• **What the exercise asks**:
From the entries, return every line where the string "whiteSpace" shows up.
═══ Entries shown
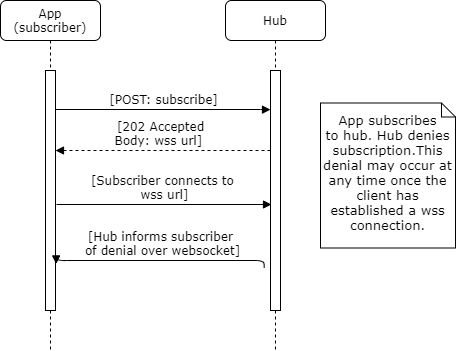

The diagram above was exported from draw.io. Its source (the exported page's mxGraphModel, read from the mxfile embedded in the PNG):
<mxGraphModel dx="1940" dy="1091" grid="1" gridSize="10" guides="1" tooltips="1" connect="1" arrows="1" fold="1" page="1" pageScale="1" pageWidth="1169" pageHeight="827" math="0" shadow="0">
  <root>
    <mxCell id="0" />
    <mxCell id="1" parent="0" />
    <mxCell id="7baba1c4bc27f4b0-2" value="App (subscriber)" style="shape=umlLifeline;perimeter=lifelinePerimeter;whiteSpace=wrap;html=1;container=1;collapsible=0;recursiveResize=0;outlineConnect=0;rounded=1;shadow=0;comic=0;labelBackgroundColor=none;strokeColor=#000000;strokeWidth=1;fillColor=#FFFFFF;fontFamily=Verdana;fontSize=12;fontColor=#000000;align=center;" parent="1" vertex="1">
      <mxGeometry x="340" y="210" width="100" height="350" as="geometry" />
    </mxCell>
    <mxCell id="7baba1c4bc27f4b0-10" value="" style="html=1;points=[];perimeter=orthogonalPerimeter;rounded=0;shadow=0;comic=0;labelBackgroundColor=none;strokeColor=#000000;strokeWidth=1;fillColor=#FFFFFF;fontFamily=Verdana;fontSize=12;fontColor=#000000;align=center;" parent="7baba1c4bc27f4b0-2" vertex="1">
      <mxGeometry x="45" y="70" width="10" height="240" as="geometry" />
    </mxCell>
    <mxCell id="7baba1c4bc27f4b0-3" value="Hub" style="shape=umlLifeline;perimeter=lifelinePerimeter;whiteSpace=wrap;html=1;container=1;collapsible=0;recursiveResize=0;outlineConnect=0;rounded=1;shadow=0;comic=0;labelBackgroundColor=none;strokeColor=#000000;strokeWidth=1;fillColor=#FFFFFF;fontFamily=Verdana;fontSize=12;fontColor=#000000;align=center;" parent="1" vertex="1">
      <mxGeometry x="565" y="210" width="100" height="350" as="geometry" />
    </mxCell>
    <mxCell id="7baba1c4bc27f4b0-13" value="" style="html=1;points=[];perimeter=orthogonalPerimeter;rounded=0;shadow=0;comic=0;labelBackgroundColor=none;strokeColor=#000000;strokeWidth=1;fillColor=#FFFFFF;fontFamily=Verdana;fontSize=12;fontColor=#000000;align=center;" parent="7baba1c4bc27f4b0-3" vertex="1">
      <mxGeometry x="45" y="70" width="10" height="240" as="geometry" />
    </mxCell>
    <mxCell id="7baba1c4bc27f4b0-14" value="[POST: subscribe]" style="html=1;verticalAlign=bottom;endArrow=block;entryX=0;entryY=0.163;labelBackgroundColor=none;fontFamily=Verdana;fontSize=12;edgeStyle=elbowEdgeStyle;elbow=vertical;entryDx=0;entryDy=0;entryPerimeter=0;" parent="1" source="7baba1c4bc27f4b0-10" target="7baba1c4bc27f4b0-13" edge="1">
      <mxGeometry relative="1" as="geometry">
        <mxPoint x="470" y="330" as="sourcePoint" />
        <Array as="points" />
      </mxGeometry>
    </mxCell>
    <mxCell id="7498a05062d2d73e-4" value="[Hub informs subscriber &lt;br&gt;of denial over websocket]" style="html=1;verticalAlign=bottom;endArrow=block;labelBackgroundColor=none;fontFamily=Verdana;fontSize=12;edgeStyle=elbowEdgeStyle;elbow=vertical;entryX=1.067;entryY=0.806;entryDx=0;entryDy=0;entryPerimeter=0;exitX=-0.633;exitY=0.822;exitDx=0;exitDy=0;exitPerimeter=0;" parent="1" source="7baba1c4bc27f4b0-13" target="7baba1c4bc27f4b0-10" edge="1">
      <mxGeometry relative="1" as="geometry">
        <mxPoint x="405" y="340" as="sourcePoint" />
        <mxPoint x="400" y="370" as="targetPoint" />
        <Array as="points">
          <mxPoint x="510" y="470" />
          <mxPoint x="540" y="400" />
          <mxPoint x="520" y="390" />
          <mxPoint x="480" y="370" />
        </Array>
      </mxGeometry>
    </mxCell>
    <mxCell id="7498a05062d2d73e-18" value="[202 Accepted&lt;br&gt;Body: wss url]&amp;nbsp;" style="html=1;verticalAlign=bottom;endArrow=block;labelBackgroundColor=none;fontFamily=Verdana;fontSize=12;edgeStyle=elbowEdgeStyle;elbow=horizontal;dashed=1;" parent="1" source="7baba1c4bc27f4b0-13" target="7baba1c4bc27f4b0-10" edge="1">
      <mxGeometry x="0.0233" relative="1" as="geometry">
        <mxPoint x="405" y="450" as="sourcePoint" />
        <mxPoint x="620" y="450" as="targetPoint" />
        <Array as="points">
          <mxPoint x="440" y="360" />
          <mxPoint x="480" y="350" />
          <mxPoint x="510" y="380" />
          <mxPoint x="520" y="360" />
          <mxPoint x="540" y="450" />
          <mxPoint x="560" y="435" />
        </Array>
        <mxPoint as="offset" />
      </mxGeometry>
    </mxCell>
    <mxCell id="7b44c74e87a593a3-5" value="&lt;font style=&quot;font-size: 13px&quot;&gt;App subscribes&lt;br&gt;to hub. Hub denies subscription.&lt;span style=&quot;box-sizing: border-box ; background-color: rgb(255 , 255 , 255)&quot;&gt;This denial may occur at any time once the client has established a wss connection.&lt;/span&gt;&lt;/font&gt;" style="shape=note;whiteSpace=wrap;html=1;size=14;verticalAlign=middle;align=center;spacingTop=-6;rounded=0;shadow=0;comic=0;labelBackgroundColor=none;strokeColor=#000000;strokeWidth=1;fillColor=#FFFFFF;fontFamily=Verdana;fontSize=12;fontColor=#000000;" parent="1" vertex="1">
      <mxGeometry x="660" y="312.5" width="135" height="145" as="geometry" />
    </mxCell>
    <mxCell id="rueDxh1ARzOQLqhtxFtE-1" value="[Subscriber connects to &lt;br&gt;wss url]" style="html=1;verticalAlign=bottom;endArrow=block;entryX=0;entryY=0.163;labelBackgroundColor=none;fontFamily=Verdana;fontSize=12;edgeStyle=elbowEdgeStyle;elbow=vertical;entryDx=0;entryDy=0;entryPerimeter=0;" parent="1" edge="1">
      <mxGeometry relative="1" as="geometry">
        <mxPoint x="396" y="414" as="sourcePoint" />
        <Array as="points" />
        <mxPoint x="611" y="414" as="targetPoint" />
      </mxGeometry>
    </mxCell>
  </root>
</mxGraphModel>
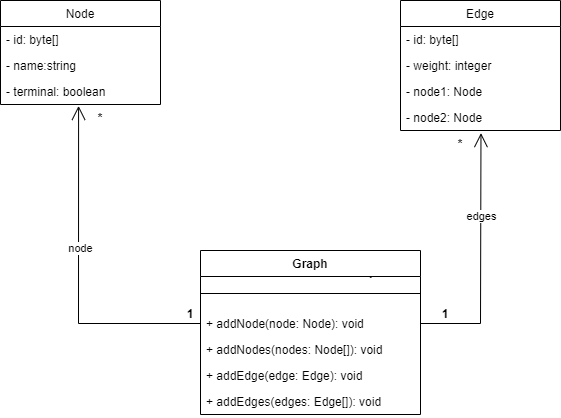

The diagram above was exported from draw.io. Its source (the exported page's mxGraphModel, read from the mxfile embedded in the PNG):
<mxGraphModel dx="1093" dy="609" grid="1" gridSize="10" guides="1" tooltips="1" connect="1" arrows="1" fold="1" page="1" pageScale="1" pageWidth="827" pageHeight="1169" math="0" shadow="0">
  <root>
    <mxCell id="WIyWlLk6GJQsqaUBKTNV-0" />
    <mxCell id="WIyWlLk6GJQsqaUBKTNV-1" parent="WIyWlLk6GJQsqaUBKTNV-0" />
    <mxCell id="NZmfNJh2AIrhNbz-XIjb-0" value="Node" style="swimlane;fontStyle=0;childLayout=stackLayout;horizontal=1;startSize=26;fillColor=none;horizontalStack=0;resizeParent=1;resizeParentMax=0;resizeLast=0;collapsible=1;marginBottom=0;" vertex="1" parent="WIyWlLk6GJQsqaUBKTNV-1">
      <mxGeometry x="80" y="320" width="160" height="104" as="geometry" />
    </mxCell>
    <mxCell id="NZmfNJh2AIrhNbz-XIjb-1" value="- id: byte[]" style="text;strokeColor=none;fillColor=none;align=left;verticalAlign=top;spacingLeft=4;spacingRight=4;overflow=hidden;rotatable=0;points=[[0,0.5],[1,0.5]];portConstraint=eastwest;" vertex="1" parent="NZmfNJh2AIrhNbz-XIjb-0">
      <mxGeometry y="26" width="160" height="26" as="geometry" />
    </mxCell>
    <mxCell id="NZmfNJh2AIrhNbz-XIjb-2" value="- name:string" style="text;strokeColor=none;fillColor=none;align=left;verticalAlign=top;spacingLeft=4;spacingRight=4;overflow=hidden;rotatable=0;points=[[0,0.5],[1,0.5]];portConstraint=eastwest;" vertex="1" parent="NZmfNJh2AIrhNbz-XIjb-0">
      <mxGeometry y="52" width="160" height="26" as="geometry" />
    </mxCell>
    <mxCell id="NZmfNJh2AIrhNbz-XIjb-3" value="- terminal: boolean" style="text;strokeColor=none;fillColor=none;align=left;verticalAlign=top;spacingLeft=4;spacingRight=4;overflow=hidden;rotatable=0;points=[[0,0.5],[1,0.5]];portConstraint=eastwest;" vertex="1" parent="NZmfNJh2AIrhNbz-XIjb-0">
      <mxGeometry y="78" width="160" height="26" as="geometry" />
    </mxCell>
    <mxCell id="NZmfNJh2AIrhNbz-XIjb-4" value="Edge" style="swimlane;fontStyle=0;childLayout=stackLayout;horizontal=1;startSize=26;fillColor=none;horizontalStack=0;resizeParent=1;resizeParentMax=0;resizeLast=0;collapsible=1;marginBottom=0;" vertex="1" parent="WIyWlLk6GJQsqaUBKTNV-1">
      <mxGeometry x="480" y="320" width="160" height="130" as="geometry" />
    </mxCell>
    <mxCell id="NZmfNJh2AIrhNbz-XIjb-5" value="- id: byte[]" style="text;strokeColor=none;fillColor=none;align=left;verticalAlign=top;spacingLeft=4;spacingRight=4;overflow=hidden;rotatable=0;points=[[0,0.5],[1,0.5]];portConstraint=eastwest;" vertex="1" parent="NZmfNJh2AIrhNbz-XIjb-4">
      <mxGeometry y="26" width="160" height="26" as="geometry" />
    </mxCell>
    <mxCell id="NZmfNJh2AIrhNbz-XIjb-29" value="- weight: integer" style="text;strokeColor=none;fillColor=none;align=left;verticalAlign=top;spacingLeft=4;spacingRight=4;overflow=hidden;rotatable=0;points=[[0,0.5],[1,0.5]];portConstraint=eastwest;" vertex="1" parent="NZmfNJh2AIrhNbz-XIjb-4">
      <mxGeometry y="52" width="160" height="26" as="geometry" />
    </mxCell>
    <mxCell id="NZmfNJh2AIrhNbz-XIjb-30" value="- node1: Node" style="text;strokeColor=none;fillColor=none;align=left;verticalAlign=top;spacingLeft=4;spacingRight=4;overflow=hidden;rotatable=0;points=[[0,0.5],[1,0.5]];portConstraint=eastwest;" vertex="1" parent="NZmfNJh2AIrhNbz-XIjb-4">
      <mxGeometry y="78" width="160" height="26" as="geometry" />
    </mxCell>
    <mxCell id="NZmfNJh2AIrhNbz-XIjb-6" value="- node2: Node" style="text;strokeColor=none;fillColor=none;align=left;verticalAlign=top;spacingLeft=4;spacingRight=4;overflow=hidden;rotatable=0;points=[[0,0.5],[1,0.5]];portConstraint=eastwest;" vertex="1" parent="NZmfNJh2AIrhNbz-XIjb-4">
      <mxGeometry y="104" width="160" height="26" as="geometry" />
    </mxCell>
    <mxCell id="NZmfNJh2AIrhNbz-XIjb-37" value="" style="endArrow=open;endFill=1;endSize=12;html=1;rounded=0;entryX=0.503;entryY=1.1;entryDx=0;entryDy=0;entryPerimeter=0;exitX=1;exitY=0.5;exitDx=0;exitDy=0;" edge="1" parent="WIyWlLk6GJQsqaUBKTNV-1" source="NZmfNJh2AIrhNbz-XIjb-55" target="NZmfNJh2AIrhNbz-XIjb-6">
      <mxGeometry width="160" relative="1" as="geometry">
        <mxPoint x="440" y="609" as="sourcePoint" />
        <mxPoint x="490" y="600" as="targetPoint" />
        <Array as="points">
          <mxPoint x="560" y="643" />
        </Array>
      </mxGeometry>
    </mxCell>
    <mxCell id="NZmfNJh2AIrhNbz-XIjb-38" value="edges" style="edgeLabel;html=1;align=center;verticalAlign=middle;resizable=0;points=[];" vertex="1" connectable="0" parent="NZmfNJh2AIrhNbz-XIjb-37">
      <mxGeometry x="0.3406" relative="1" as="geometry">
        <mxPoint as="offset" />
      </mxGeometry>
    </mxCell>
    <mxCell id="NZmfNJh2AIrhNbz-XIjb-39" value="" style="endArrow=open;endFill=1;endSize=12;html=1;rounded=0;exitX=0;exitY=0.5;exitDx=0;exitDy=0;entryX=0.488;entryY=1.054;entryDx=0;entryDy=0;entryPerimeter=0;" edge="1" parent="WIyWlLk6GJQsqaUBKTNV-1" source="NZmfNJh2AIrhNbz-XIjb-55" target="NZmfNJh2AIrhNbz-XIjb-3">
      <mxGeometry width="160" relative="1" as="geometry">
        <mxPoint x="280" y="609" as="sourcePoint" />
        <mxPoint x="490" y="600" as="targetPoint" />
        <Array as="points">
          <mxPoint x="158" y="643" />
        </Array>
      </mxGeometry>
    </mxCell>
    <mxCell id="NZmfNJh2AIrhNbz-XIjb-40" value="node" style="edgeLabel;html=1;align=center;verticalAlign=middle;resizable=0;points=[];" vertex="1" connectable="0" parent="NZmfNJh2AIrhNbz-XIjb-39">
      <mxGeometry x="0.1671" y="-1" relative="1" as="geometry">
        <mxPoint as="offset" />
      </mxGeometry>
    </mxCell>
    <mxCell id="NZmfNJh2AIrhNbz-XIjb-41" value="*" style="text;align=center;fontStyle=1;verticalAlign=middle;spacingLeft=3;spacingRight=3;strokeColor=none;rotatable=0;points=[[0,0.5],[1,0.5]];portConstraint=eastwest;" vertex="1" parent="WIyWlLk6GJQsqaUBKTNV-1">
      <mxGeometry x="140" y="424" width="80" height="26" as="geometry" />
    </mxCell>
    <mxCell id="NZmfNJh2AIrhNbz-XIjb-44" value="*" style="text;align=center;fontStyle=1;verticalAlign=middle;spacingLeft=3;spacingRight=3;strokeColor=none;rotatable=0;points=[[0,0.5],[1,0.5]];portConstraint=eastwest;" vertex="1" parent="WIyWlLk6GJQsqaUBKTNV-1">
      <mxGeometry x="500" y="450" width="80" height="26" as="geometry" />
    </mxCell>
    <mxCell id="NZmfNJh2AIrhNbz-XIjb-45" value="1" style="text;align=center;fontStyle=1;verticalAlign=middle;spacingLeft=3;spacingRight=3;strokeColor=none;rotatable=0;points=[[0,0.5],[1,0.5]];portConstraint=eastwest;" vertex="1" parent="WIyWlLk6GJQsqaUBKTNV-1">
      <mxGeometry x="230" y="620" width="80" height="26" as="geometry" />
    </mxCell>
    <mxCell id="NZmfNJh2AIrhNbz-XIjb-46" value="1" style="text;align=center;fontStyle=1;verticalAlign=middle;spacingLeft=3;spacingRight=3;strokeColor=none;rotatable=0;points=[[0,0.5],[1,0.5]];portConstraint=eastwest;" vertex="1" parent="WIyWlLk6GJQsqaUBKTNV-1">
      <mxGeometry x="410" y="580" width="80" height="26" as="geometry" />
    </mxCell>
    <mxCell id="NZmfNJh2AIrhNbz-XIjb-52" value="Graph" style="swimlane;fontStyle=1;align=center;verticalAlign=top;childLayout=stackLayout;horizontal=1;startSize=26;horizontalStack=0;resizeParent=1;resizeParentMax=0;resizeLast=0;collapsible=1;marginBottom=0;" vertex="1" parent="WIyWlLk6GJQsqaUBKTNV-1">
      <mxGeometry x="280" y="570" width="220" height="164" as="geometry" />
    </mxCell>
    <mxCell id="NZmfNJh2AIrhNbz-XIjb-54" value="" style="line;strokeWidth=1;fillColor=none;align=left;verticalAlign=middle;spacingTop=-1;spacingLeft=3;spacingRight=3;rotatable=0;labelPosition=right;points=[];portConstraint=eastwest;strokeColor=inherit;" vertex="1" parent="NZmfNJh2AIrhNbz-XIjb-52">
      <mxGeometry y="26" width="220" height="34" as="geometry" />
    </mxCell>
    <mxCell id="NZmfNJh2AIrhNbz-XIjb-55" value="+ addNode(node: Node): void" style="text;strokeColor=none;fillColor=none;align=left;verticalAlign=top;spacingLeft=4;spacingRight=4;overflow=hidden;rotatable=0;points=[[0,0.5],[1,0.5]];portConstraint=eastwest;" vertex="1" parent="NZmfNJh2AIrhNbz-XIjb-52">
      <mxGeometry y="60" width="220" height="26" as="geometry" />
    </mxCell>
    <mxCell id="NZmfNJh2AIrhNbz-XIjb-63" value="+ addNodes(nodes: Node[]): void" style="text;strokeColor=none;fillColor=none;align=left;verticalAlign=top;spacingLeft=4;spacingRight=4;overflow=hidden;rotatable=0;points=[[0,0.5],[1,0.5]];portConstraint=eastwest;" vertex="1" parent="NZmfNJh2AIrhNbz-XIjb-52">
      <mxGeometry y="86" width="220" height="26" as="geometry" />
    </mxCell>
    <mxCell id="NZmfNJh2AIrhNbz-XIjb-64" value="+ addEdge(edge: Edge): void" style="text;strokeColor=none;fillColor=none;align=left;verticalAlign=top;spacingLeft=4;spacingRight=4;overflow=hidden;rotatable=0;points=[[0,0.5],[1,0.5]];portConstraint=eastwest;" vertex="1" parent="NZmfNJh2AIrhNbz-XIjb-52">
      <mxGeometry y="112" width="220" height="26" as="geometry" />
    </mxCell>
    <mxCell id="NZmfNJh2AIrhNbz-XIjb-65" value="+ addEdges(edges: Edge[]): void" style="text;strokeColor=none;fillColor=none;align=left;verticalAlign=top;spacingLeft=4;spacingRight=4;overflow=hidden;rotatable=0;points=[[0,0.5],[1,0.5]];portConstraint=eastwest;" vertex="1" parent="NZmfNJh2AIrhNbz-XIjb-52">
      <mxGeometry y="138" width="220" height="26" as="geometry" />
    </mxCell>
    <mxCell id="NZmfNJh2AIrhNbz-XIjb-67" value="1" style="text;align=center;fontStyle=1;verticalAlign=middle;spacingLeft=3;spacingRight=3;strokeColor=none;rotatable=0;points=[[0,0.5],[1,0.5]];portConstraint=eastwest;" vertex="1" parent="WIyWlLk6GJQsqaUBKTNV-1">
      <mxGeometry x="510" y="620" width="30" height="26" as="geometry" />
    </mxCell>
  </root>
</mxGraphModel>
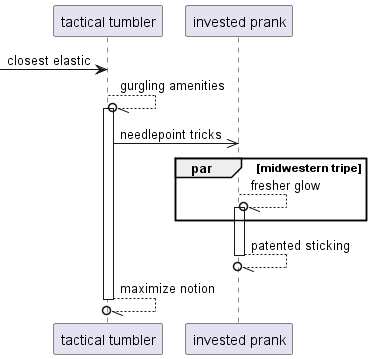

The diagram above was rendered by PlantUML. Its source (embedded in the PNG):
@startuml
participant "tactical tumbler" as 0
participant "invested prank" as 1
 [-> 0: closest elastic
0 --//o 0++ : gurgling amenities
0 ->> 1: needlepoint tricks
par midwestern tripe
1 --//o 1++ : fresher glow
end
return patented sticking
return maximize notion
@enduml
══════
• **Response**:
    <mxCell id="7baba1c4bc27f4b0-2" value="App (subscriber)" style="shape=umlLifeline;perimeter=lifelinePerimeter;whiteSpace=wrap;html=1;container=1;collapsible=0;recursiveResize=0;outlineConnect=0;rounded=1;shadow=0;comic=0;labelBackgroundColor=none;strokeColor=#000000;strokeWidth=1;fillColor=#FFFFFF;fontFamily=Verdana;fontSize=12;fontColor=#000000;align=center;" parent="1" vertex="1">
    <mxCell id="7baba1c4bc27f4b0-3" value="Hub" style="shape=umlLifeline;perimeter=lifelinePerimeter;whiteSpace=wrap;html=1;container=1;collapsible=0;recursiveResize=0;outlineConnect=0;rounded=1;shadow=0;comic=0;labelBackgroundColor=none;strokeColor=#000000;strokeWidth=1;fillColor=#FFFFFF;fontFamily=Verdana;fontSize=12;fontColor=#000000;align=center;" parent="1" vertex="1">
    <mxCell id="7b44c74e87a593a3-5" value="&lt;font style=&quot;font-size: 13px&quot;&gt;App subscribes&lt;br&gt;to hub. Hub denies subscription.&lt;span style=&quot;box-sizing: border-box ; background-color: rgb(255 , 255 , 255)&quot;&gt;This denial may occur at any time once the client has established a wss connection.&lt;/span&gt;&lt;/font&gt;" style="shape=note;whiteSpace=wrap;html=1;size=14;verticalAlign=middle;align=center;spacingTop=-6;rounded=0;shadow=0;comic=0;labelBackgroundColor=none;strokeColor=#000000;strokeWidth=1;fillColor=#FFFFFF;fontFamily=Verdana;fontSize=12;fontColor=#000000;" parent="1" vertex="1">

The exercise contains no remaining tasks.